Face aux appels du ministère de la Santé pour faire revenir les médecins résidents au niveau des urgences et des services des gardes, qu’ils ont désertés depuis plus d’une semaine, et à la démarche visant à recruter des généralistes, les grévistes dénoncent des solutions de «bricolage» et estiment qu’ils n’ont de « leçon à recevoir de personne».

Entre le professeur Mokhtar Hasbellaoui et le Collectif autonome des médecins résidents algériens (Camra), c’est la guerre des déclarations, et le dialogue est suspendu jusqu’à nouvel ordre et sans le moindre espoir se profilant à l’horizon.
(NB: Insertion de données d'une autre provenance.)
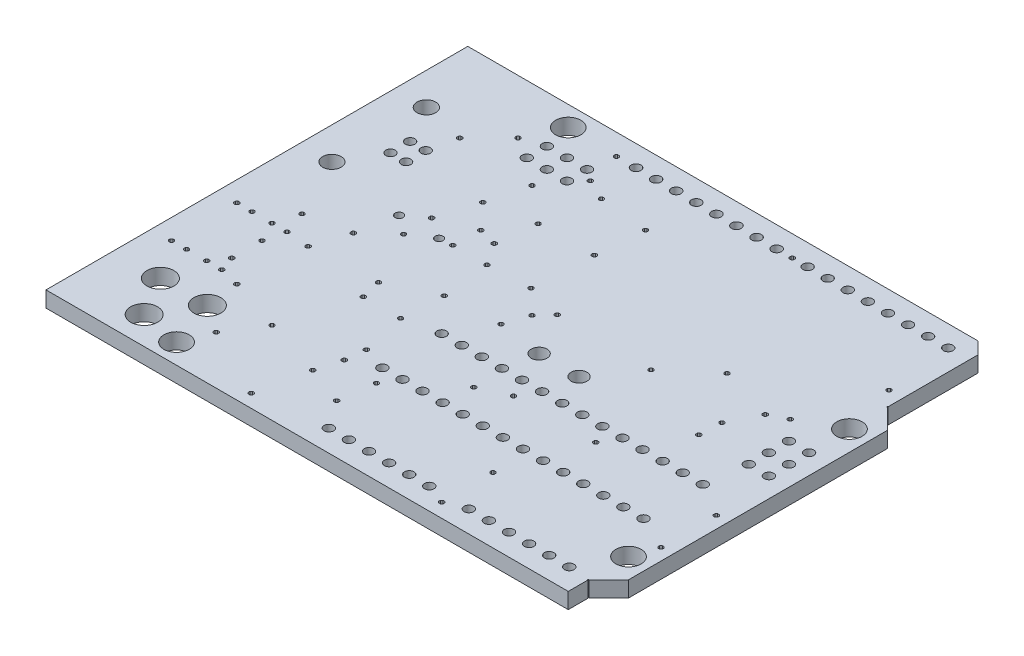
SolidWorks part; units mm, degrees
material "Fibra de vidrio-A"
ref_plane "Alzado" through (0, 0, 0) normal (0, 0, 1) x (1, 0, 0)
ref_plane "Planta" through (0, 0, 0) normal (0, 1, 0) x (1, 0, 0)
ref_plane "Vista lateral" through (0, 0, 0) normal (1, 0, 0) x (0, 0, -1)
sketch "Croquis1" plane through (0, 0, 0) normal (0, 1, 0) x (1, 0, 0)
  line L0 (0, 53.34) -> (64.516, 53.34)
  line L1 (64.516, 53.34) -> (66.04, 51.816)
  line L2 (66.04, 40.386) -> (68.58, 37.846)
  line L3 (68.58, 37.846) -> (68.58, 5.08)
  line L4 (68.58, 5.08) -> (66.04, 2.54)
  line L5 (66.04, 2.54) -> (66.04, 0)
  line L6 (66.04, 0) -> (0, 0)
  line L7 (0, 0) -> (0, 53.34)
  line L8 (66.04, 51.816) -> (66.04, 40.386)
  line L9 (30.8356, 10.5522) -> (30.8356, 10.7838)
  line L10 (30.8356, 10.7838) -> (30.9992, 10.9474)
  line L11 (30.9992, 10.9474) -> (31.2308, 10.9474)
  line L12 (31.2308, 10.9474) -> (31.3944, 10.7838)
  line L13 (31.3944, 10.7838) -> (31.3944, 10.5522)
  line L14 (31.3944, 10.5522) -> (31.2308, 10.3886)
  line L15 (31.2308, 10.3886) -> (30.9992, 10.3886)
  line L16 (30.9992, 10.3886) -> (30.8356, 10.5522)
  line L18 (25.2476, 19.1882) -> (25.2476, 19.4198)
  line L19 (25.2476, 19.4198) -> (25.4112, 19.5834)
  line L20 (25.4112, 19.5834) -> (25.6428, 19.5834)
  line L21 (25.6428, 19.5834) -> (25.8064, 19.4198)
  line L22 (25.8064, 19.4198) -> (25.8064, 19.1882)
  line L23 (25.8064, 19.1882) -> (25.6428, 19.0246)
  line L24 (25.6428, 19.0246) -> (25.4112, 19.0246)
  line L25 (25.4112, 19.0246) -> (25.2476, 19.1882)
  line L27 (7.5946, 24.3952) -> (7.5946, 24.6268)
  line L28 (7.5946, 24.6268) -> (7.7582, 24.7904)
  line L29 (7.7582, 24.7904) -> (7.9898, 24.7904)
  line L30 (7.9898, 24.7904) -> (8.1534, 24.6268)
  line L31 (8.1534, 24.6268) -> (8.1534, 24.3952)
  line L32 (8.1534, 24.3952) -> (7.9898, 24.2316)
  line L33 (7.9898, 24.2316) -> (7.7582, 24.2316)
  line L34 (7.7582, 24.2316) -> (7.5946, 24.3952)
  line L36 (26.2636, 11.0602) -> (26.2636, 11.2918)
  line L37 (26.2636, 11.2918) -> (26.4272, 11.4554)
  line L38 (26.4272, 11.4554) -> (26.6588, 11.4554)
  line L39 (26.6588, 11.4554) -> (26.8224, 11.2918)
  line L40 (26.8224, 11.2918) -> (26.8224, 11.0602)
  line L41 (26.8224, 11.0602) -> (26.6588, 10.8966)
  line L42 (26.6588, 10.8966) -> (26.4272, 10.8966)
  line L43 (26.4272, 10.8966) -> (26.2636, 11.0602)
  line L45 (17.8816, 10.2982) -> (17.8816, 10.5298)
  line L46 (17.8816, 10.5298) -> (18.0452, 10.6934)
  line L47 (18.0452, 10.6934) -> (18.2768, 10.6934)
  line L48 (18.2768, 10.6934) -> (18.4404, 10.5298)
  line L49 (18.4404, 10.5298) -> (18.4404, 10.2982)
  line L50 (18.4404, 10.2982) -> (18.2768, 10.1346)
  line L51 (18.2768, 10.1346) -> (18.0452, 10.1346)
  line L52 (18.0452, 10.1346) -> (17.8816, 10.2982)
  line L54 (2.2606, 21.4742) -> (2.2606, 21.7058)
  line L55 (2.2606, 21.7058) -> (2.4242, 21.8694)
  line L56 (2.4242, 21.8694) -> (2.6558, 21.8694)
  line L57 (2.6558, 21.8694) -> (2.8194, 21.7058)
  line L58 (2.8194, 21.7058) -> (2.8194, 21.4742)
  line L59 (2.8194, 21.4742) -> (2.6558, 21.3106)
  line L60 (2.6558, 21.3106) -> (2.4242, 21.3106)
  line L61 (2.4242, 21.3106) -> (2.2606, 21.4742)
  line L63 (4.1656, 21.4742) -> (4.1656, 21.7058)
  line L64 (4.1656, 21.7058) -> (4.3292, 21.8694)
  line L65 (4.3292, 21.8694) -> (4.5608, 21.8694)
  line L66 (4.5608, 21.8694) -> (4.7244, 21.7058)
  line L67 (4.7244, 21.7058) -> (4.7244, 21.4742)
  line L68 (4.7244, 21.4742) -> (4.5608, 21.3106)
  line L69 (4.5608, 21.3106) -> (4.3292, 21.3106)
  line L70 (4.3292, 21.3106) -> (4.1656, 21.4742)
  line L72 (6.7056, 21.4742) -> (6.7056, 21.7058)
  line L73 (6.7056, 21.7058) -> (6.8692, 21.8694)
  line L74 (6.8692, 21.8694) -> (7.1008, 21.8694)
  line L75 (7.1008, 21.8694) -> (7.2644, 21.7058)
  line L76 (7.2644, 21.7058) -> (7.2644, 21.4742)
  line L77 (7.2644, 21.4742) -> (7.1008, 21.3106)
  line L78 (7.1008, 21.3106) -> (6.8692, 21.3106)
  line L79 (6.8692, 21.3106) -> (6.7056, 21.4742)
  line L81 (8.6106, 21.4742) -> (8.6106, 21.7058)
  line L82 (8.6106, 21.7058) -> (8.7742, 21.8694)
  line L83 (8.7742, 21.8694) -> (9.0058, 21.8694)
  line L84 (9.0058, 21.8694) -> (9.1694, 21.7058)
  line L85 (9.1694, 21.7058) -> (9.1694, 21.4742)
  line L86 (9.1694, 21.4742) -> (9.0058, 21.3106)
  line L87 (9.0058, 21.3106) -> (8.7742, 21.3106)
  line L88 (8.7742, 21.3106) -> (8.6106, 21.4742)
  line L90 (2.2606, 13.2192) -> (2.2606, 13.4508)
  line L91 (2.2606, 13.4508) -> (2.4242, 13.6144)
  line L92 (2.4242, 13.6144) -> (2.6558, 13.6144)
  line L93 (2.6558, 13.6144) -> (2.8194, 13.4508)
  line L94 (2.8194, 13.4508) -> (2.8194, 13.2192)
  line L95 (2.8194, 13.2192) -> (2.6558, 13.0556)
  line L96 (2.6558, 13.0556) -> (2.4242, 13.0556)
  line L97 (2.4242, 13.0556) -> (2.2606, 13.2192)
  line L99 (4.1656, 13.2192) -> (4.1656, 13.4508)
  line L100 (4.1656, 13.4508) -> (4.3292, 13.6144)
  line L101 (4.3292, 13.6144) -> (4.5608, 13.6144)
  line L102 (4.5608, 13.6144) -> (4.7244, 13.4508)
  line L103 (4.7244, 13.4508) -> (4.7244, 13.2192)
  line L104 (4.7244, 13.2192) -> (4.5608, 13.0556)
  line L105 (4.5608, 13.0556) -> (4.3292, 13.0556)
  line L106 (4.3292, 13.0556) -> (4.1656, 13.2192)
  line L108 (6.7056, 13.2192) -> (6.7056, 13.4508)
  line L109 (6.7056, 13.4508) -> (6.8692, 13.6144)
  line L110 (6.8692, 13.6144) -> (7.1008, 13.6144)
  line L111 (7.1008, 13.6144) -> (7.2644, 13.4508)
  line L112 (7.2644, 13.4508) -> (7.2644, 13.2192)
  line L113 (7.2644, 13.2192) -> (7.1008, 13.0556)
  line L114 (7.1008, 13.0556) -> (6.8692, 13.0556)
  line L115 (6.8692, 13.0556) -> (6.7056, 13.2192)
  line L117 (8.6106, 13.2192) -> (8.6106, 13.4508)
  line L118 (8.6106, 13.4508) -> (8.7742, 13.6144)
  line L119 (8.7742, 13.6144) -> (9.0058, 13.6144)
  line L120 (9.0058, 13.6144) -> (9.1694, 13.4508)
  line L121 (9.1694, 13.4508) -> (9.1694, 13.2192)
  line L122 (9.1694, 13.2192) -> (9.0058, 13.0556)
  line L123 (9.0058, 13.0556) -> (8.7742, 13.0556)
  line L124 (8.7742, 13.0556) -> (8.6106, 13.2192)
  line L126 (7.9756, 15.1242) -> (7.9756, 15.3558)
  line L127 (7.9756, 15.3558) -> (8.1392, 15.5194)
  line L128 (8.1392, 15.5194) -> (8.3708, 15.5194)
  line L129 (8.3708, 15.5194) -> (8.5344, 15.3558)
  line L130 (8.5344, 15.3558) -> (8.5344, 15.1242)
  line L131 (8.5344, 15.1242) -> (8.3708, 14.9606)
  line L132 (8.3708, 14.9606) -> (8.1392, 14.9606)
  line L133 (8.1392, 14.9606) -> (7.9756, 15.1242)
  line L135 (7.9756, 18.9342) -> (7.9756, 19.1658)
  line L136 (7.9756, 19.1658) -> (8.1392, 19.3294)
  line L137 (8.1392, 19.3294) -> (8.3708, 19.3294)
  line L138 (8.3708, 19.3294) -> (8.5344, 19.1658)
  line L139 (8.5344, 19.1658) -> (8.5344, 18.9342)
  line L140 (8.5344, 18.9342) -> (8.3708, 18.7706)
  line L141 (8.3708, 18.7706) -> (8.1392, 18.7706)
  line L142 (8.1392, 18.7706) -> (7.9756, 18.9342)
  line L144 (20.6756, 33.9202) -> (20.6756, 34.1518)
  line L145 (20.6756, 34.1518) -> (20.8392, 34.3154)
  line L146 (20.8392, 34.3154) -> (21.0708, 34.3154)
  line L147 (21.0708, 34.3154) -> (21.2344, 34.1518)
  line L148 (21.2344, 34.1518) -> (21.2344, 33.9202)
  line L149 (21.2344, 33.9202) -> (21.0708, 33.7566)
  line L150 (21.0708, 33.7566) -> (20.8392, 33.7566)
  line L151 (20.8392, 33.7566) -> (20.6756, 33.9202)
  line L153 (24.8666, 44.9692) -> (24.8666, 45.2008)
  line L154 (24.8666, 45.2008) -> (25.0302, 45.3644)
  line L155 (25.0302, 45.3644) -> (25.2618, 45.3644)
  line L156 (25.2618, 45.3644) -> (25.4254, 45.2008)
  line L157 (25.4254, 45.2008) -> (25.4254, 44.9692)
  line L158 (25.4254, 44.9692) -> (25.2618, 44.8056)
  line L159 (25.2618, 44.8056) -> (25.0302, 44.8056)
  line L160 (25.0302, 44.8056) -> (24.8666, 44.9692)
  line L162 (23.5966, 38.2382) -> (23.5966, 38.4698)
  line L163 (23.5966, 38.4698) -> (23.7602, 38.6334)
  line L164 (23.7602, 38.6334) -> (23.9918, 38.6334)
  line L165 (23.9918, 38.6334) -> (24.1554, 38.4698)
  line L166 (24.1554, 38.4698) -> (24.1554, 38.2382)
  line L167 (24.1554, 38.2382) -> (23.9918, 38.0746)
  line L168 (23.9918, 38.0746) -> (23.7602, 38.0746)
  line L169 (23.7602, 38.0746) -> (23.5966, 38.2382)
  line L171 (24.8666, 30.4912) -> (24.8666, 30.7228)
  line L172 (24.8666, 30.7228) -> (25.0302, 30.8864)
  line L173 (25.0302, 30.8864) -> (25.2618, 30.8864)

En effet, l’arrêt des gardes continue de susciter des réactions de la part des autorités, qui se trouvent dans l’impasse suite au chaos qui règne, depuis, dans les hôpitaux. Jeudi, en marge du 16e Congrès de la Société internationale francophone d’oto-rhino-laryngologie (ORL), le ministre de la Santé, de la Population et de la Réforme hospitalière a estimé que «toute personne portant une blouse blanche n’a pas le droit d’abandonner un malade ». Visés par cette déclaration, les médecins résidents répliquent que ce sont les responsables en charge du secteur qui ont abandonné le malade et il y a bien longtemps. «Le malade, ils l’ont abandonné d’une manière indirecte, en se cachant derrière leurs bureaux », dénonce le Dr Mohamed Taïleb, membre du bureau national du Camra. Joint hier par nos soins, notre interlocuteur s’est voulu plus explicite, mais virulent. «Abandonner un malade, c’est ne pas lui fournir des médicaments essentiels, de ne pas construire des hôpitaux, ni les équiper du matériel qu’il faut. Abandonner des malades, c’est lorsque l’on ne répare pas le scanner en panne dans les urgences !», ironise-t-il, estimant que les responsables du secteur de la santé « ont abandonné les malades il y a bien longtemps». «Donc, on n’a pas de leçons à recevoir», assène le Dr Taïleb.
Le délégué du Camra a, en outre, réagi aux propos du ministre concernant le recrutement de 600 médecins généralistes au niveau des services d’urgences des centres hospitalo-universitaires (CHU) et des Etablissements hospitaliers publics (EHP), qui, selon Hasbellaoui « n’a aucun rapport avec le remplacement des médecins résidents, mais intervient dans le cadre du renforcement de ces services en vue d’améliorer leur rendement au sein d’un réseau de soin moderne ». Pour Mohamed Taïleb, il s’agit purement et simplement d’une « énième tentative de faire croire qu’on n’est pas indispensables au niveau des urgences et que 15 000 résidents peuvent être remplacés par 600 généralistes ». « C’est rabaissant ! », s’indigne-t-il, ajoutant que « nos confrères généralistes sont des médecins ayant un doctorat et ne doivent pas être rabaissés à des bouche-trous en recevant 15 000 DA par mois et dans le cadre du pré-emploi».
Notre interlocuteur accuse le ministère de tutelle de « recourir à des solutions temporaires, au lieu de chercher des solutions durables pour gérer en partie la crise des résidents et de manière définitive les urgences ». Il rappelle, à cet effet, qu’à maintes reprises le Camra a appelé à créer des centres de tri, mais sans que cette revendication soit prise en charge. En agissant de la sorte, c’est-à-dire le recours à la grève illimitée et l’arrêt des gardes, « les médecins résidents visent le moyen et le long terme, et rejettent le bluff et l’hypocrisie des solutions de court terme », soutient le Dr Taïleb. Après le sit-in régional tenu jeudi dernier au CHU Mustapha-Pacha, où ils ont réaffirmé leur « solidarité et union » face aux tentatives qui cherchent à briser le mouvement, les médecins résidents comptent maintenir la pression jusqu’à satisfaction de leurs revendications, tout en se disant disposés à un dialogue sérieux. « Il y a des discussions autour des actions à entreprendre au cours de cette semaine », a déclaré le délégué du Camra, sans plus de détails. Alors que la tutelle ne cesse de répéter que « les portes du dialogue restent ouvertes », il répondra que, jusqu’à présent, « il n’y a eu aucun contact officiel avec le ministère de la Santé pour la reprise des négociations ». « C’est l’impasse totale », regrette Mohamed Taïleb.